**Task to complete**. Each entry below needs to be copied exactly, with nothing dropped.

**Data listing**.
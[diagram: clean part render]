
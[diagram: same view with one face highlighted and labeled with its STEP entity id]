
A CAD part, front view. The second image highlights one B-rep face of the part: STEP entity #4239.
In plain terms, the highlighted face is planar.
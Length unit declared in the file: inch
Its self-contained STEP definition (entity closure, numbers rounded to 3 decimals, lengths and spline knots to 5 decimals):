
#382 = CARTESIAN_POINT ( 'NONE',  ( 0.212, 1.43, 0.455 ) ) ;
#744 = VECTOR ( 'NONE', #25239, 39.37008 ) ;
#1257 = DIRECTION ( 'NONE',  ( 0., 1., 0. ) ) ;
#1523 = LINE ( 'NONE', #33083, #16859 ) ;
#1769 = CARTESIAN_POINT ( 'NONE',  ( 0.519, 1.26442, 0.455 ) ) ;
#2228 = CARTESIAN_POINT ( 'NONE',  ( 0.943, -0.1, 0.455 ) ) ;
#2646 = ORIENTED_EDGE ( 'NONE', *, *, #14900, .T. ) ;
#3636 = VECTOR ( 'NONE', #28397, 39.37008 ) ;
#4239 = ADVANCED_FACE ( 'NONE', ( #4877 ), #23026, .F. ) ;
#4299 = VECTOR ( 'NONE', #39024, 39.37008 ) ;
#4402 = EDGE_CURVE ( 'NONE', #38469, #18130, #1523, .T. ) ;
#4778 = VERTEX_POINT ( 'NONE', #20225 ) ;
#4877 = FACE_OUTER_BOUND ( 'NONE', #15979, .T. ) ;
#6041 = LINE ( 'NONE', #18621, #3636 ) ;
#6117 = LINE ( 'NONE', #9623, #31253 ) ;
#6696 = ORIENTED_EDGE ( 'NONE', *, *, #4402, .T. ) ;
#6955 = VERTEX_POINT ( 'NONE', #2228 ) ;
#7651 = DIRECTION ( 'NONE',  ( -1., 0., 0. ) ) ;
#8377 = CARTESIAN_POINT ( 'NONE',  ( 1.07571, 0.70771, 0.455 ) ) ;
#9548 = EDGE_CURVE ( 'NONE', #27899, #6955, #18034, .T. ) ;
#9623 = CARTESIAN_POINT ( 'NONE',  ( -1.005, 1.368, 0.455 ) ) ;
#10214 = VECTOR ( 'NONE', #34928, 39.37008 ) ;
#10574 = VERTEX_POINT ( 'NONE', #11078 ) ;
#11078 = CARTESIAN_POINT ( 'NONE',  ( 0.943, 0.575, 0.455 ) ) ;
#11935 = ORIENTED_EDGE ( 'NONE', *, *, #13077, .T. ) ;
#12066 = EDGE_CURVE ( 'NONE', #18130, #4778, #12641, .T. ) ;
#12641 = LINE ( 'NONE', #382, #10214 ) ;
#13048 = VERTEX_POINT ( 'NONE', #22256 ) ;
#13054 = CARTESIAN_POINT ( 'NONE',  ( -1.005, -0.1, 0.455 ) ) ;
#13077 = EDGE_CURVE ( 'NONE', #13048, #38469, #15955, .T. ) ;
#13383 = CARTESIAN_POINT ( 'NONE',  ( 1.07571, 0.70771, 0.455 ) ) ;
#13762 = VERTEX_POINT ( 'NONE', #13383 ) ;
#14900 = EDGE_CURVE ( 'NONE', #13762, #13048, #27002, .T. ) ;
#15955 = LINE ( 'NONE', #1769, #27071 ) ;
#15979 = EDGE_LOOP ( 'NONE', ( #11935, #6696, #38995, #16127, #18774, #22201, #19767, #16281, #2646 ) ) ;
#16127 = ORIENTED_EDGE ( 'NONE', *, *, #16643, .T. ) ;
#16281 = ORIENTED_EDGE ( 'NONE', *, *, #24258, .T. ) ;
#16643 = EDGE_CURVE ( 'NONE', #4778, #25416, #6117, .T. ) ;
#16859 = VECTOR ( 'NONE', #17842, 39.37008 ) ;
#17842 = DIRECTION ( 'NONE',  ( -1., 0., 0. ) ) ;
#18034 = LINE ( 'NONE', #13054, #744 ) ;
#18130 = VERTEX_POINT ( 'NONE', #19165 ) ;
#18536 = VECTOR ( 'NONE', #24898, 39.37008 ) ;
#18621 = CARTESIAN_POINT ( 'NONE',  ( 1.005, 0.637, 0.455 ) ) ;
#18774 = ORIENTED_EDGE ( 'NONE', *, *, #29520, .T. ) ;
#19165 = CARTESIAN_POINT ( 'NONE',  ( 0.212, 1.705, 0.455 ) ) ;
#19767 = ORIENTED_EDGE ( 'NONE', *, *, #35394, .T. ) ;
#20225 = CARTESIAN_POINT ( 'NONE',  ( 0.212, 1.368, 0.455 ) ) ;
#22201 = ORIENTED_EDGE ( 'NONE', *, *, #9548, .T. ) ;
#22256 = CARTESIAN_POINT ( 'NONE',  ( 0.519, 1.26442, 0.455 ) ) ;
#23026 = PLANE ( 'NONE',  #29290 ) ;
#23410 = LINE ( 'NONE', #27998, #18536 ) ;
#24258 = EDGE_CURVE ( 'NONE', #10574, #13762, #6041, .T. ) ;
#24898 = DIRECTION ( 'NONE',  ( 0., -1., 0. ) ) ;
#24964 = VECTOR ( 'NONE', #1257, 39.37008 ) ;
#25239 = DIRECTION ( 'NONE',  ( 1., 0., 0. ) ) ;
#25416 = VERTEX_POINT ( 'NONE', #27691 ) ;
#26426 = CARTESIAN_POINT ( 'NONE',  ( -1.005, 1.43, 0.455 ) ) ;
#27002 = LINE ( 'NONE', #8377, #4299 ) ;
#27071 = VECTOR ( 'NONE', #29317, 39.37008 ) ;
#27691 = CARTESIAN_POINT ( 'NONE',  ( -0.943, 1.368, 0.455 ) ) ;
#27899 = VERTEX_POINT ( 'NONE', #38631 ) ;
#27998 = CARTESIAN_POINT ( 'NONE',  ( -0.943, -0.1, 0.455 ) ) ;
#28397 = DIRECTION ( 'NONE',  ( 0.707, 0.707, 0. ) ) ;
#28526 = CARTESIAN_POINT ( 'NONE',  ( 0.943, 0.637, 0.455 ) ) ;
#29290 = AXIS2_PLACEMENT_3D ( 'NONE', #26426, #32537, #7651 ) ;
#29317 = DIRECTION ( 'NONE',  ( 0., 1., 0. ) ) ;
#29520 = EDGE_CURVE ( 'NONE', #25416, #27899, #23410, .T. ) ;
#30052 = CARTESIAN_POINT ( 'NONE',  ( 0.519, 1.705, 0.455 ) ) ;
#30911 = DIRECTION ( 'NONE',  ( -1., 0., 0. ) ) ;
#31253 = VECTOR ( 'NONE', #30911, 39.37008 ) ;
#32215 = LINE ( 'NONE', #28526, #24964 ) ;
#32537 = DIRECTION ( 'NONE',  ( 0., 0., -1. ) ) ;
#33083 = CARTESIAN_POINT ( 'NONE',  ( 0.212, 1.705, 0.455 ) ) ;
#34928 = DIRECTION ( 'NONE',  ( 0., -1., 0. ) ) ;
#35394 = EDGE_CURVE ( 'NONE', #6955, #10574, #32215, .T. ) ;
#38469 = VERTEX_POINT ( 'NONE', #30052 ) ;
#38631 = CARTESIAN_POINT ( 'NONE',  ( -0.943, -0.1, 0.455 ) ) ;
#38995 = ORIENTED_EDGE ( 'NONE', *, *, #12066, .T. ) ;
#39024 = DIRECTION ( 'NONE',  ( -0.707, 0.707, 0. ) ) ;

**Output for this task**.
[diagram: clean part render]
[diagram: same view with one face highlighted and labeled with its STEP entity id]
A CAD part, front view. The second image highlights one B-rep face of the part: STEP entity #4239.
In plain terms, the highlighted face is planar.
Length unit declared in the file: inch
Its self-contained STEP definition (entity closure, numbers rounded to 3 decimals, lengths and spline knots to 5 decimals):
#382 = CARTESIAN_POINT ( 'NONE',  ( 0.212, 1.43, 0.455 ) ) ;
#744 = VECTOR ( 'NONE', #25239, 39.37008 ) ;
#1257 = DIRECTION ( 'NONE',  ( 0., 1., 0. ) ) ;
#1523 = LINE ( 'NONE', #33083, #16859 ) ;
#1769 = CARTESIAN_POINT ( 'NONE',  ( 0.519, 1.26442, 0.455 ) ) ;
#2228 = CARTESIAN_POINT ( 'NONE',  ( 0.943, -0.1, 0.455 ) ) ;
#2646 = ORIENTED_EDGE ( 'NONE', *, *, #14900, .T. ) ;
#3636 = VECTOR ( 'NONE', #28397, 39.37008 ) ;
#4239 = ADVANCED_FACE ( 'NONE', ( #4877 ), #23026, .F. ) ;
#4299 = VECTOR ( 'NONE', #39024, 39.37008 ) ;
#4402 = EDGE_CURVE ( 'NONE', #38469, #18130, #1523, .T. ) ;
#4778 = VERTEX_POINT ( 'NONE', #20225 ) ;
#4877 = FACE_OUTER_BOUND ( 'NONE', #15979, .T. ) ;
#6041 = LINE ( 'NONE', #18621, #3636 ) ;
#6117 = LINE ( 'NONE', #9623, #31253 ) ;
#6696 = ORIENTED_EDGE ( 'NONE', *, *, #4402, .T. ) ;
#6955 = VERTEX_POINT ( 'NONE', #2228 ) ;
#7651 = DIRECTION ( 'NONE',  ( -1., 0., 0. ) ) ;
#8377 = CARTESIAN_POINT ( 'NONE',  ( 1.07571, 0.70771, 0.455 ) ) ;
#9548 = EDGE_CURVE ( 'NONE', #27899, #6955, #18034, .T. ) ;
#9623 = CARTESIAN_POINT ( 'NONE',  ( -1.005, 1.368, 0.455 ) ) ;
#10214 = VECTOR ( 'NONE', #34928, 39.37008 ) ;
#10574 = VERTEX_POINT ( 'NONE', #11078 ) ;
#11078 = CARTESIAN_POINT ( 'NONE',  ( 0.943, 0.575, 0.455 ) ) ;
#11935 = ORIENTED_EDGE ( 'NONE', *, *, #13077, .T. ) ;
#12066 = EDGE_CURVE ( 'NONE', #18130, #4778, #12641, .T. ) ;
#12641 = LINE ( 'NONE', #382, #10214 ) ;
#13048 = VERTEX_POINT ( 'NONE', #22256 ) ;
#13054 = CARTESIAN_POINT ( 'NONE',  ( -1.005, -0.1, 0.455 ) ) ;
#13077 = EDGE_CURVE ( 'NONE', #13048, #38469, #15955, .T. ) ;
#13383 = CARTESIAN_POINT ( 'NONE',  ( 1.07571, 0.70771, 0.455 ) ) ;
#13762 = VERTEX_POINT ( 'NONE', #13383 ) ;
#14900 = EDGE_CURVE ( 'NONE', #13762, #13048, #27002, .T. ) ;
#15955 = LINE ( 'NONE', #1769, #27071 ) ;
#15979 = EDGE_LOOP ( 'NONE', ( #11935, #6696, #38995, #16127, #18774, #22201, #19767, #16281, #2646 ) ) ;
#16127 = ORIENTED_EDGE ( 'NONE', *, *, #16643, .T. ) ;
#16281 = ORIENTED_EDGE ( 'NONE', *, *, #24258, .T. ) ;
#16643 = EDGE_CURVE ( 'NONE', #4778, #25416, #6117, .T. ) ;
#16859 = VECTOR ( 'NONE', #17842, 39.37008 ) ;
#17842 = DIRECTION ( 'NONE',  ( -1., 0., 0. ) ) ;
#18034 = LINE ( 'NONE', #13054, #744 ) ;
#18130 = VERTEX_POINT ( 'NONE', #19165 ) ;
#18536 = VECTOR ( 'NONE', #24898, 39.37008 ) ;
#18621 = CARTESIAN_POINT ( 'NONE',  ( 1.005, 0.637, 0.455 ) ) ;
#18774 = ORIENTED_EDGE ( 'NONE', *, *, #29520, .T. ) ;
#19165 = CARTESIAN_POINT ( 'NONE',  ( 0.212, 1.705, 0.455 ) ) ;
#19767 = ORIENTED_EDGE ( 'NONE', *, *, #35394, .T. ) ;
#20225 = CARTESIAN_POINT ( 'NONE',  ( 0.212, 1.368, 0.455 ) ) ;
#22201 = ORIENTED_EDGE ( 'NONE', *, *, #9548, .T. ) ;
#22256 = CARTESIAN_POINT ( 'NONE',  ( 0.519, 1.26442, 0.455 ) ) ;
#23026 = PLANE ( 'NONE',  #29290 ) ;
#23410 = LINE ( 'NONE', #27998, #18536 ) ;
#24258 = EDGE_CURVE ( 'NONE', #10574, #13762, #6041, .T. ) ;
#24898 = DIRECTION ( 'NONE',  ( 0., -1., 0. ) ) ;
#24964 = VECTOR ( 'NONE', #1257, 39.37008 ) ;
#25239 = DIRECTION ( 'NONE',  ( 1., 0., 0. ) ) ;
#25416 = VERTEX_POINT ( 'NONE', #27691 ) ;
#26426 = CARTESIAN_POINT ( 'NONE',  ( -1.005, 1.43, 0.455 ) ) ;
#27002 = LINE ( 'NONE', #8377, #4299 ) ;
#27071 = VECTOR ( 'NONE', #29317, 39.37008 ) ;
#27691 = CARTESIAN_POINT ( 'NONE',  ( -0.943, 1.368, 0.455 ) ) ;
#27899 = VERTEX_POINT ( 'NONE', #38631 ) ;
#27998 = CARTESIAN_POINT ( 'NONE',  ( -0.943, -0.1, 0.455 ) ) ;
#28397 = DIRECTION ( 'NONE',  ( 0.707, 0.707, 0. ) ) ;
#28526 = CARTESIAN_POINT ( 'NONE',  ( 0.943, 0.637, 0.455 ) ) ;
#29290 = AXIS2_PLACEMENT_3D ( 'NONE', #26426, #32537, #7651 ) ;
#29317 = DIRECTION ( 'NONE',  ( 0., 1., 0. ) ) ;
#29520 = EDGE_CURVE ( 'NONE', #25416, #27899, #23410, .T. ) ;
#30052 = CARTESIAN_POINT ( 'NONE',  ( 0.519, 1.705, 0.455 ) ) ;
#30911 = DIRECTION ( 'NONE',  ( -1., 0., 0. ) ) ;
#31253 = VECTOR ( 'NONE', #30911, 39.37008 ) ;
#32215 = LINE ( 'NONE', #28526, #24964 ) ;
#32537 = DIRECTION ( 'NONE',  ( 0., 0., -1. ) ) ;
#33083 = CARTESIAN_POINT ( 'NONE',  ( 0.212, 1.705, 0.455 ) ) ;
#34928 = DIRECTION ( 'NONE',  ( 0., -1., 0. ) ) ;
#35394 = EDGE_CURVE ( 'NONE', #6955, #10574, #32215, .T. ) ;
#38469 = VERTEX_POINT ( 'NONE', #30052 ) ;
#38631 = CARTESIAN_POINT ( 'NONE',  ( -0.943, -0.1, 0.455 ) ) ;
#38995 = ORIENTED_EDGE ( 'NONE', *, *, #12066, .T. ) ;
#39024 = DIRECTION ( 'NONE',  ( -0.707, 0.707, 0. ) ) ;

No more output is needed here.